The “Pilgrims Guide” in the Codex Calixtinus describes how various nationalities, clustered together in their respective corners of the tribune level of the cathedral in Santiago, would loudly compete as they sang hymns in their native tongues.
The earliest and one of the most intriguing prose epics about the adventures of Charlemagne and Roland in Spain is consecrated in the “Historia Turpini” of the Codex Calixtinus, the twelfth-century master compilation on the pilgrimage to Santiago de Compostela. The connection to Charlemagne’s supposed devotion to St. James and the saint’s instructions to have the French secure the pilgrimage route against the Muslim foe is tenuous in the narrative, entirely fictional in terms of history.
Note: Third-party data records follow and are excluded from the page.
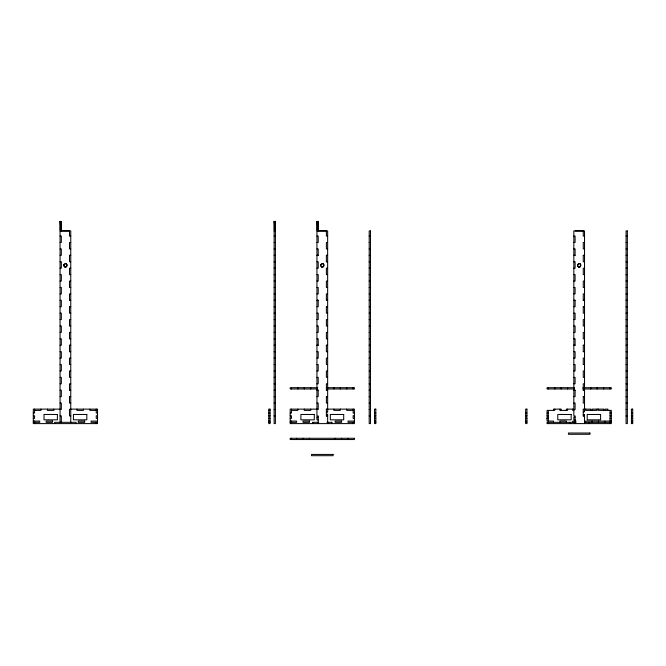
<?xml version="1.0" encoding="UTF-8"?>
<svg xmlns="http://www.w3.org/2000/svg" width="666" height="666" viewBox="0 0 666 666"><rect width="100%" height="100%" fill="white"/><g stroke="black" fill="none" stroke-linecap="round" stroke-linejoin="round"><path stroke-width="1" d="M60.057 221.528L61.322 221.512M274.134 221.528L275.391 221.512M316.941 221.512L318.206 221.528M60.057 221.678L61.322 221.678M274.134 221.678L275.391 221.678M316.941 221.678L318.206 221.678M60.057 222.061L61.322 222.061M274.134 222.061L275.391 222.061M316.941 222.061L318.206 222.061M60.057 222.602L61.322 222.602M274.134 222.602L275.391 222.602M316.941 222.602L318.206 222.602M60.057 223.293L61.322 223.293M274.134 223.293L275.391 223.293M316.941 223.293L318.206 223.293M60.057 224.117L61.322 224.117M274.134 224.117L275.391 224.117M316.941 224.117L318.206 224.117M60.057 225.066L61.322 225.066M274.134 225.066L275.391 225.066M316.941 225.066L318.206 225.066M60.057 226.115L61.322 226.115M274.134 226.115L275.391 226.115M316.941 226.115L318.206 226.115M60.057 227.248L61.322 227.248M274.134 227.248L275.391 227.248M316.941 227.248L318.206 227.248M60.057 228.438L61.322 228.438M274.134 228.438L275.391 228.438M316.941 228.438L318.206 228.438M60.057 229.67L61.322 229.67M274.134 229.67L275.391 229.67M316.941 229.67L318.206 229.67M60.057 230.919L69.497 230.919L69.497 236.097L70.763 236.08M274.134 230.919L275.391 230.919M316.941 230.919L326.382 230.919L326.382 236.08L327.647 236.08M61.322 230.935L70.763 230.935L70.763 422.635M318.206 230.935L327.647 230.935L327.647 412.246M575.091 230.935L584.532 230.935L584.532 411.779L583.266 411.779M60.057 236.08L61.322 236.08L61.322 242.499L60.057 242.499M274.134 236.08L275.391 236.08M316.941 236.097L318.206 236.08L318.206 242.499L316.941 242.516M369.197 236.097L370.463 236.097M573.834 236.08L575.091 236.097L575.091 242.499L573.834 242.499M584.532 236.08L583.266 236.097L583.266 230.919L573.834 230.919L573.834 409.124L566.341 409.124L566.341 410.389M626.082 236.097L627.347 236.097M70.763 242.516L69.497 242.499L69.497 248.934L70.763 248.926M274.134 242.499L275.391 242.499M327.647 242.499L326.382 242.516L326.382 248.926L327.647 248.926M369.197 242.516L370.463 242.516M584.532 242.499L583.266 242.499L583.266 248.926L584.532 248.934M626.082 242.516L627.347 242.516M60.057 248.926L61.322 248.926L61.322 255.344L60.057 255.344M274.134 248.926L275.391 248.926M316.941 248.934L318.206 248.926L318.206 255.344L316.941 255.361L318.206 255.344M369.197 248.934L370.463 248.934M573.834 248.934L575.091 248.926L575.091 255.344L573.834 255.361L575.091 255.344M626.082 248.934L627.347 248.934M69.497 255.344L70.763 255.344L69.497 255.361L69.497 261.78L70.763 261.763M274.134 255.344L275.391 255.344M326.382 255.344L327.647 255.344L326.382 255.361L326.382 261.763M583.266 255.344L584.532 255.344L583.266 255.361L583.266 261.763L584.532 261.763M369.197 255.361L370.463 255.361M626.082 255.361L627.347 255.361M60.057 261.763L61.322 261.763L61.322 268.19L60.057 268.19M274.134 261.763L275.391 261.763M316.941 261.763L318.206 261.763L318.206 268.19L316.941 268.19M326.382 261.78L327.647 261.763M369.197 261.78L370.463 261.78M573.834 261.78L575.091 261.763L575.091 268.19L573.834 268.19M626.082 261.78L627.347 261.78M70.763 268.19L69.497 268.207L69.497 274.625L70.763 274.625M274.134 268.19L275.391 268.19M327.647 268.19L326.382 268.207L326.382 274.608L327.647 274.608M369.197 268.207L370.463 268.207M584.532 268.19L583.266 268.207L583.266 274.608L584.532 274.625M626.082 268.207L627.347 268.207M60.057 274.608L61.322 274.608L61.322 281.035L60.057 281.035M274.134 274.608L275.391 274.608M316.941 274.608L318.206 274.608L318.206 281.035L316.941 281.035M369.197 274.625L370.463 274.625M573.834 274.608L575.091 274.625L575.091 281.035L573.834 281.052M626.082 274.625L627.347 274.625M70.763 281.035L69.497 281.052L69.497 287.471L70.763 287.471M274.134 281.035L275.391 281.035M327.647 281.035L326.382 281.052L326.382 287.454L327.647 287.454M369.197 281.052L370.463 281.052M584.532 281.035L583.266 281.052L583.266 287.454L584.532 287.454M626.082 281.052L627.347 281.052M60.057 287.454L61.322 287.454L61.322 293.881L60.057 293.881M274.134 287.454L275.391 287.454M316.941 287.471L318.206 287.454L318.206 293.881L316.941 293.889M369.197 287.471L370.463 287.471M573.834 287.454L575.091 287.454L575.091 293.881L573.834 293.889M626.082 287.471L627.347 287.471M70.763 293.889L69.497 293.881L69.497 300.316L70.763 300.316L69.497 300.299M274.134 293.881L275.391 293.881M327.647 293.881L326.382 293.889L326.382 300.299L327.647 300.316L326.382 300.299M369.197 293.889L370.463 293.889M584.532 293.881L583.266 293.889L583.266 300.299L584.532 300.316L583.266 300.299M626.082 293.889L627.347 293.889M60.057 300.299L61.322 300.299L61.322 306.718L60.057 306.718M274.134 300.299L275.391 300.299M318.206 300.299L316.941 300.299L318.206 300.316L318.206 306.718L316.941 306.718M575.091 300.299L573.834 300.299L575.091 300.316L575.091 306.718L573.834 306.718M369.197 300.316L370.463 300.316M626.082 300.316L627.347 300.316M69.497 306.735L70.763 306.718M274.134 306.718L275.391 306.718M326.382 306.735L327.647 306.718M369.197 306.735L370.463 306.735M583.266 306.735L584.532 306.718M626.082 306.735L627.347 306.735M60.057 313.145L61.322 313.145L61.322 319.563L60.057 319.563M70.763 313.162L69.497 313.145L69.497 306.718M274.134 313.145L275.391 313.145M316.941 313.162L318.206 313.145L318.206 319.563L316.941 319.563M327.647 313.145L326.382 313.162L326.382 306.718M369.197 313.162L370.463 313.162M573.834 313.162L575.091 313.145L575.091 319.563L573.834 319.58M584.532 313.162L583.266 313.145L583.266 306.718M626.082 313.162L627.347 313.162M70.763 319.563L69.497 319.58L69.497 326.007L70.763 325.99M274.134 319.563L275.391 319.563M327.647 319.563L326.382 319.58L326.382 325.99L327.647 325.99M369.197 319.58L370.463 319.58M584.532 319.563L583.266 319.58L583.266 325.99L584.532 325.99M626.082 319.58L627.347 319.58M60.057 325.99L61.322 325.99L61.322 332.409L60.057 332.409M274.134 325.99L275.391 325.99M316.941 325.99L318.206 325.99L318.206 332.409L316.941 332.409M369.197 326.007L370.463 326.007M573.834 325.99L575.091 325.99L575.091 332.409L573.834 332.426M626.082 326.007L627.347 326.007M70.763 332.426L69.497 332.409L69.497 338.844L70.763 338.844M274.134 332.409L275.391 332.409M327.647 332.409L326.382 332.426L326.382 338.836L327.647 338.836M369.197 332.426L370.463 332.426M584.532 332.409L583.266 332.426L583.266 338.836L584.532 338.836M626.082 332.426L627.347 332.426M60.057 338.836L61.322 338.836L61.322 345.254L60.057 345.254M274.134 338.836L275.391 338.836M316.941 338.836L318.206 338.836L318.206 345.254L316.941 345.271L318.206 345.254M369.197 338.844L370.463 338.844M573.834 338.836L575.091 338.844L575.091 345.254L573.834 345.271L575.091 345.254M626.082 338.844L627.347 338.844M69.497 345.254L70.763 345.254L69.497 345.271L69.497 351.69M274.134 345.254L275.391 345.254M326.382 345.254L327.647 345.254L326.382 345.271L326.382 351.673M583.266 345.254L584.532 345.254L583.266 345.271L583.266 351.673M369.197 345.271L370.463 345.271M626.082 345.271L627.347 345.271M60.057 351.673L61.322 351.673L61.322 358.1L60.057 358.1M69.497 351.673L70.763 351.69M274.134 351.673L275.391 351.673M316.941 351.69L318.206 351.673L318.206 358.1L316.941 358.1M326.382 351.69L327.647 351.673M369.197 351.69L370.463 351.69M573.834 351.69L575.091 351.673L575.091 358.1L573.834 358.1M583.266 351.69L584.532 351.673M626.082 351.69L627.347 351.69M70.763 358.117L69.497 358.1L69.497 364.535L70.763 364.518M274.134 358.1L275.391 358.1M327.647 358.1L326.382 358.117L326.382 364.518L327.647 364.518M369.197 358.117L370.463 358.117M584.532 358.1L583.266 358.117L583.266 364.518L584.532 364.518M626.082 358.117L627.347 358.117M60.057 364.518L61.322 364.518L61.322 370.945L60.057 370.945M274.134 364.518L275.391 364.518M316.941 364.518L318.206 364.518L318.206 370.945L316.941 370.945M369.197 364.535L370.463 364.535M573.834 364.535L575.091 364.518L575.091 370.945L573.834 370.945M626.082 364.535L627.347 364.535M70.763 370.945L69.497 370.962L69.497 377.381L70.763 377.381M274.134 370.945L275.391 370.945M327.647 370.945L326.382 370.962L326.382 377.364L327.647 377.364M369.197 370.962L370.463 370.962M584.532 370.945L583.266 370.962L583.266 377.364L584.532 377.364M626.082 370.962L627.347 370.962M60.057 377.364L61.322 377.364L61.322 383.791L60.057 383.791M274.134 377.364L275.391 377.364M316.941 377.364L318.206 377.364L318.206 383.791L316.941 383.799M369.197 377.381L370.463 377.381M573.834 377.364L575.091 377.381L575.091 383.791L573.834 383.791M626.082 377.381L627.347 377.381M70.763 383.791L69.497 383.799L69.497 390.226L70.763 390.226L69.497 390.209M274.134 383.791L275.391 383.791M327.647 383.791L326.382 383.799L326.382 390.209L327.647 390.226L326.382 390.209M369.197 383.799L370.463 383.799M584.532 383.791L583.266 383.799L583.266 390.209L584.532 390.226L583.266 390.209M626.082 383.799L627.347 383.799M317.707 387.72L290.185 387.72L290.185 388.977L317.707 388.977M326.881 387.72L354.404 387.72L354.404 388.977L326.881 388.977M574.591 387.72L547.069 387.72L547.069 388.977L574.591 388.977M582.85 387.72L611.296 387.72L611.296 388.977L582.85 388.977M60.057 390.209L61.322 390.209L61.322 396.628L60.057 396.628M274.134 390.209L275.391 390.209M318.206 390.209L316.941 390.209L318.206 390.226L318.206 396.628L316.941 396.645M575.091 390.209L573.834 390.209L575.091 390.226L575.091 396.628L573.834 396.645M369.197 390.226L370.463 390.226M626.082 390.226L627.347 390.226M69.497 396.645L70.763 396.628M274.134 396.628L275.391 396.628M326.382 396.645L327.647 396.628M369.197 396.645L370.463 396.645M583.266 396.645L584.532 396.628M626.082 396.645L627.347 396.645M60.057 403.055L61.322 403.055L61.322 409.473L60.057 409.473M70.763 403.055L69.497 403.072L69.497 396.628M274.134 403.055L275.391 403.055M316.941 403.055L318.206 403.072L318.206 409.473L316.941 409.473M327.647 403.055L326.382 403.072L326.382 396.628M369.197 403.072L370.463 403.072M573.834 403.055L575.091 403.072L575.091 409.473L573.834 409.473L573.834 415.9L575.091 415.9L575.091 423.584M584.532 403.055L583.266 403.072L583.266 396.628M626.082 403.072L627.347 403.072M60.057 409.124L33.3 409.124L33.3 423.601L97.519 423.601L97.519 409.124L69.997 409.124M317.707 409.124L290.185 409.124L290.185 423.601L354.404 423.601L354.404 409.124L326.881 409.124M584.532 409.124L590.759 409.124L590.759 410.389M70.763 409.49L69.497 409.473L69.497 415.917L70.763 415.917M274.134 409.473L275.391 409.473M326.382 409.49L327.647 409.473M369.197 409.49L370.463 409.49M583.266 409.473L584.532 409.473M626.082 409.49L627.347 409.49M34.565 410.389L40.984 410.389L40.984 409.124M96.254 410.389L89.835 410.389L89.835 409.124M268.781 410.389L270.046 410.389M291.45 410.389L297.869 410.389L297.869 409.124M353.147 410.389L346.72 410.389L346.72 409.124M574.025 410.389L572.76 410.389L572.76 409.124M326.382 411.779L327.647 411.779M33.3 413.062L34.565 413.062L34.565 409.124M97.519 413.062L96.254 413.062L96.254 409.124M268.781 413.062L270.046 413.062M290.185 413.062L291.45 413.062L291.45 409.124M354.404 413.062L353.147 413.062L353.147 409.124M374.55 413.062L375.815 413.062M525.665 413.062L526.931 413.062M547.069 413.062L548.334 413.062M610.031 413.062L611.296 413.062M631.435 413.062L632.7 413.062M326.382 414.46L327.647 414.46M583.266 414.46L584.532 414.46L584.532 423.584M33.3 415.742L34.565 415.742L34.565 418.415L33.3 418.415M97.519 415.734L96.254 415.734L96.254 418.415L97.519 418.415M268.781 415.742L270.046 415.742M290.185 415.742L291.45 415.742L291.45 418.415L290.185 418.415M354.404 415.734L353.147 415.734L353.147 418.415L354.404 418.415M374.55 415.734L375.815 415.734M525.665 415.742L526.931 415.742M547.069 415.742L548.334 415.742M610.031 415.734L611.296 415.734M631.435 415.734L632.7 415.734M60.057 415.9L61.322 415.9L61.322 422.627M274.134 415.9L275.391 415.9M326.382 415.9L327.647 415.9M369.197 415.917L370.463 415.917M583.266 415.9L584.532 415.9M626.082 415.917L627.347 415.917M316.941 417.132L318.206 417.132M575.091 417.132L573.834 417.132L573.834 419.813L575.091 419.813M268.781 418.415L270.046 418.415M374.55 418.415L375.815 418.415M525.665 418.415L526.931 418.415M610.031 418.415L611.296 418.415M631.435 418.415L632.7 418.415M318.206 419.813L316.941 419.813L316.941 416.858M33.3 421.087L39.719 421.087L39.719 422.352L33.3 422.352M97.519 421.087L91.1 421.087L91.1 422.352L97.519 422.352M268.781 421.087L270.046 421.087M290.185 421.087L296.611 421.087L296.611 422.352L290.185 422.352M354.404 421.087L347.985 421.087L347.985 422.352L354.404 422.352M374.55 421.087L375.815 421.087M525.665 421.087L526.931 421.087M576.09 421.087L572.76 421.087L572.76 422.352M611.296 421.087L585.605 421.087L585.605 422.352M631.435 421.087L632.7 421.087M268.781 422.352L270.046 422.352M312.562 422.319L318.706 422.319M326.906 422.319L332.034 422.319M374.55 422.352L375.815 422.352M525.665 422.352L526.931 422.352M576.09 422.352L547.069 422.352L547.069 423.601L611.296 423.601L611.296 410.389L598.451 410.389L598.451 409.124M584.532 422.352L611.296 422.352M631.435 422.352L632.7 422.352M610.031 387.72L610.031 388.977M610.031 410.389L610.031 421.087M610.031 422.352L610.031 423.601M607.892 410.389L607.892 409.124L604.87 409.124L604.87 410.389M604.87 421.087L604.87 422.352M603.604 387.72L603.604 388.977M603.604 410.389L603.604 409.124L592.024 409.124L592.024 410.389M598.451 421.087L598.451 422.352M597.186 387.72L597.186 388.977M597.186 409.124L597.186 410.389L585.605 410.389L585.605 409.124M592.024 421.087L592.024 422.352M590.759 387.72L590.759 388.977M588.677 422.352L588.677 423.601M584.34 387.72L584.34 388.977M583.266 408.882L583.266 416.242M569.688 422.352L569.688 423.601M567.598 387.72L567.598 388.977M567.598 409.124L567.598 410.389L559.915 410.389L559.915 409.124M566.341 422.352L566.341 421.087L559.915 421.087L559.915 422.352M561.18 387.72L561.18 388.977M561.18 410.389L561.18 409.124L553.496 409.124L553.496 410.389M554.761 387.72L554.761 388.977M554.761 409.124L554.761 410.389L547.069 410.389L547.069 421.087L553.496 421.087L553.496 422.352M548.334 387.72L548.334 388.977M548.334 410.389L548.334 421.087M548.334 422.352L548.334 423.601M353.147 387.72L353.147 388.977M353.147 422.352L353.147 423.601M347.985 438.278L347.985 439.535M346.72 387.72L346.72 388.977M341.566 438.278L341.566 439.535M340.301 387.72L340.301 388.977M340.301 409.124L340.301 410.389L333.874 410.389L333.874 409.124M335.14 438.278L335.14 439.535M333.874 387.72L333.874 388.977M331.793 422.352L331.793 423.601M327.647 414.077L327.647 423.584M327.456 387.72L327.456 388.977M326.382 408.882L326.382 416.242M318.206 231.185L318.206 221.403L316.941 221.453L316.941 415.9L318.206 415.9L318.206 423.584M312.795 422.352L312.795 423.601M310.714 387.72L310.714 388.977M310.714 409.124L310.714 410.389L304.295 410.389L304.295 409.124M309.449 438.278L309.449 439.535M304.295 387.72L304.295 388.977M303.03 438.278L303.03 439.535M297.869 387.72L297.869 388.977M296.611 438.278L296.611 439.535M291.45 387.72L291.45 388.977M291.45 421.087L291.45 423.601M291.45 438.278L291.45 439.535M96.254 422.352L96.254 423.601M83.416 409.124L83.416 410.389L76.99 410.389L76.99 409.124M76.174 423.584L76.174 422.319L54.645 422.319L54.645 423.584M61.322 231.185L61.322 221.403L60.057 221.453L60.057 422.627M53.829 409.124L53.829 410.389L47.411 410.389L47.411 409.124M34.565 421.087L34.565 423.601M63.794 264.918C66.076 272.186 69.397 259.765 63.794 264.918M320.679 264.918C322.96 272.186 326.29 259.765 320.679 264.918M577.564 264.918C579.845 272.186 583.175 259.765 577.564 264.918M548.334 418.415L547.069 418.415L548.334 418.415M275.391 221.403L274.134 221.453L274.134 423.584L275.391 423.584L275.391 221.403M370.463 230.935L369.197 230.935L369.197 423.601L370.463 423.601L370.463 230.935M627.347 230.935L626.082 230.935L626.082 423.601L627.347 423.601L627.347 230.935M270.046 409.124L268.781 409.124L268.781 423.601L270.046 423.601L270.046 409.124M375.815 409.124L374.55 409.124L374.55 423.601L375.815 423.601L375.815 409.124M526.931 409.124L525.665 409.124L525.665 423.601L526.931 423.601L526.931 409.124M632.7 409.124L631.435 409.124L631.435 423.601L632.7 423.601L632.7 409.124M57.384 414.468L44.006 414.468L44.006 419.821L57.384 419.821L57.384 414.468M86.821 414.468L73.435 414.468L73.435 419.821L86.821 419.821L86.821 414.468M314.269 414.468L300.89 414.468L300.89 419.821L314.269 419.821L314.269 414.468M343.706 414.468L330.328 414.468L330.328 419.821L343.706 419.821L343.706 414.468M571.153 414.468L557.775 414.468L557.775 419.821L571.153 419.821L571.153 414.468M600.59 414.468L587.212 414.468L587.212 419.821L600.59 419.821L600.59 414.468M52.564 421.087L46.145 421.087L46.145 422.352L52.564 422.352L52.564 421.087M84.674 421.087L78.255 421.087L78.255 422.352L84.674 422.352L84.674 421.087M309.449 421.087L303.03 421.087L303.03 422.352L309.449 422.352L309.449 421.087M341.566 421.087L335.14 421.087L335.14 422.352L341.566 422.352L341.566 421.087M589.943 433.025L568.423 433.025L568.423 434.29L589.943 434.29L589.943 433.025M354.404 438.278L290.185 438.278L290.185 439.535L354.404 439.535L354.404 438.278M333.058 454.428L311.538 454.428L311.538 455.694L333.058 455.694L333.058 454.428M578.346 266.816A1.673 1.673 0 0 0 580.852 265.368A1.673 1.673 0 0 0 578.346 263.919A1.673 1.673 0 0 0 578.346 266.816M321.462 266.816A1.673 1.673 0 0 0 323.967 265.368A1.673 1.673 0 0 0 321.462 263.919A1.673 1.673 0 0 0 321.462 266.816M64.577 266.816A1.673 1.673 0 0 0 67.083 265.368A1.673 1.673 0 0 0 64.577 263.919A1.673 1.673 0 0 0 64.577 266.816"/></g></svg>
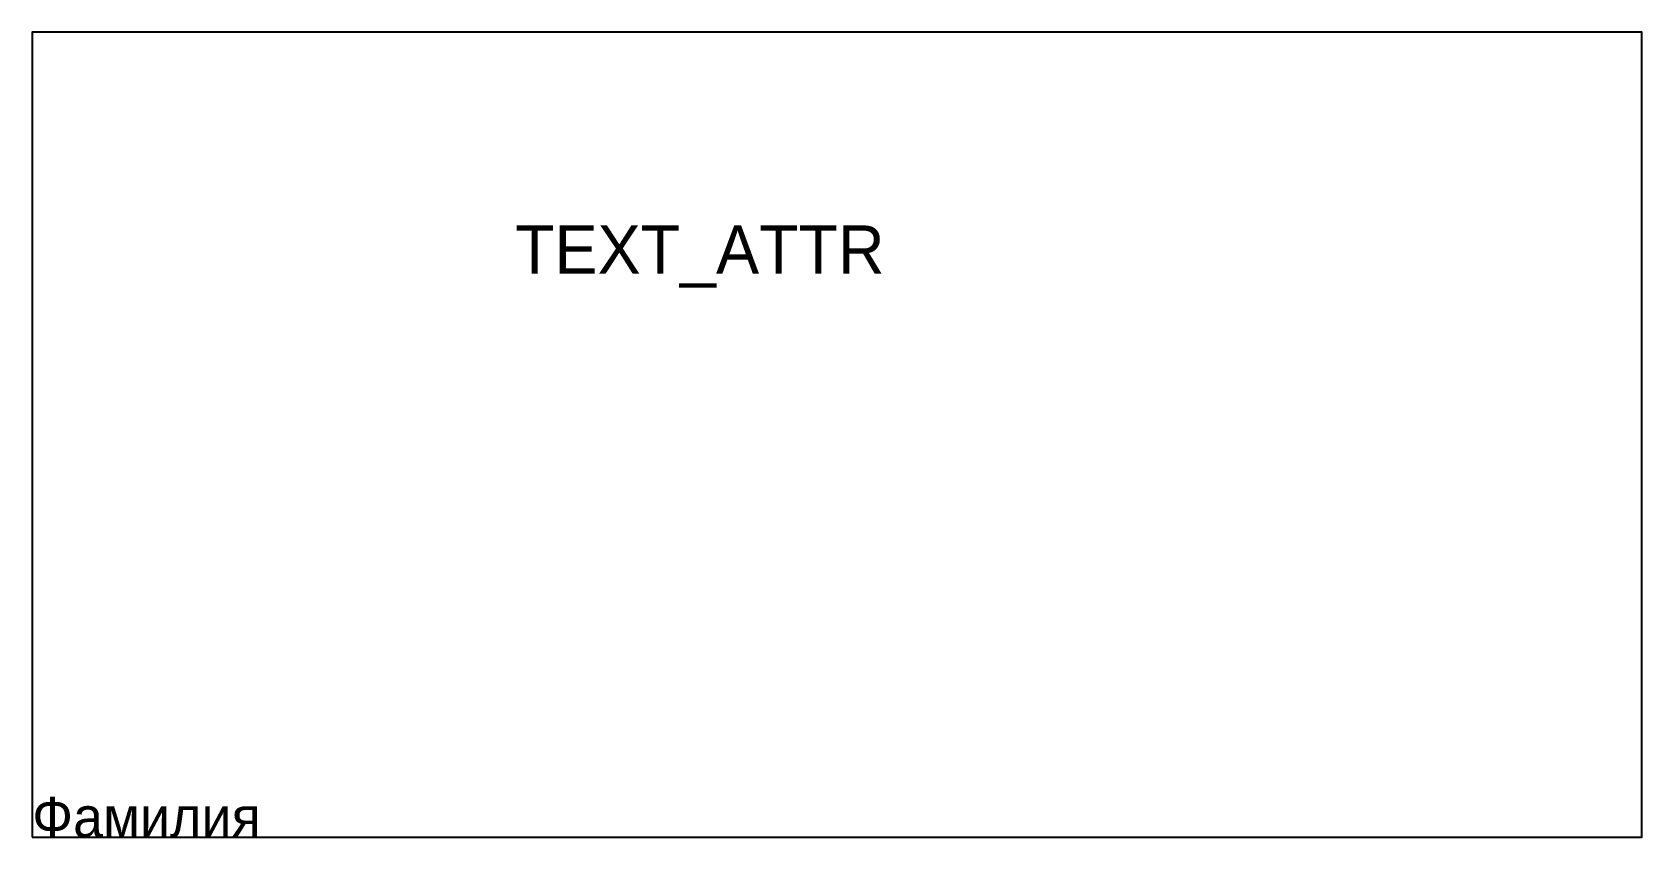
# Model space of a CAD drawing. Header units: metres. Extents: x 0 to 100, y 0 to 50.
import ezdxf

# ---------------------------------------------------------------- set-up
doc = ezdxf.new("R2010")
doc.units = ezdxf.units.M
doc.layers.add('F_TitleBox', color=4, linetype='Continuous')

# ---------------------------------------------------------------- blocks, each defined once
blk = doc.blocks.new('штамп')
at = {"layer": 'F_TitleBox'}
blk.add_lwpolyline([(0, 0), (100, 0), (100, 50), (0, 50), (0, 0)], close=True, dxfattribs=at)
blk.add_text('TEXT_ATTR', height=3, dxfattribs=at).set_placement((30, 35))

msp = doc.modelspace()

# ---------------------------------------------------------------- block references
at = {"layer": 'F_TitleBox'}
ref = msp.add_blockref('штамп', (0, 0), dxfattribs=at)
ref.add_attrib('TEXT_ATTR', 'Фамилия', (0, 0), dxfattribs={"height": 2.5})

doc.saveas('drawing.dxf')

Folk tales contain many stories about the intervention of saints on behalf of their devotees. A version of hopscotch became the pilgrim game of Juego de la Oca or Goose’s Game, a modern version of which has been laid in the paving outside the church of Santiago the Elder in Logroño along the main route to Compostela.
Anxiously sincere personal narratives of travel along the Camino de Santiago have repopulated this genre in the twentieth and twenty-first centuries, most of them just as artless as their medieval forerunners if more heartfelt.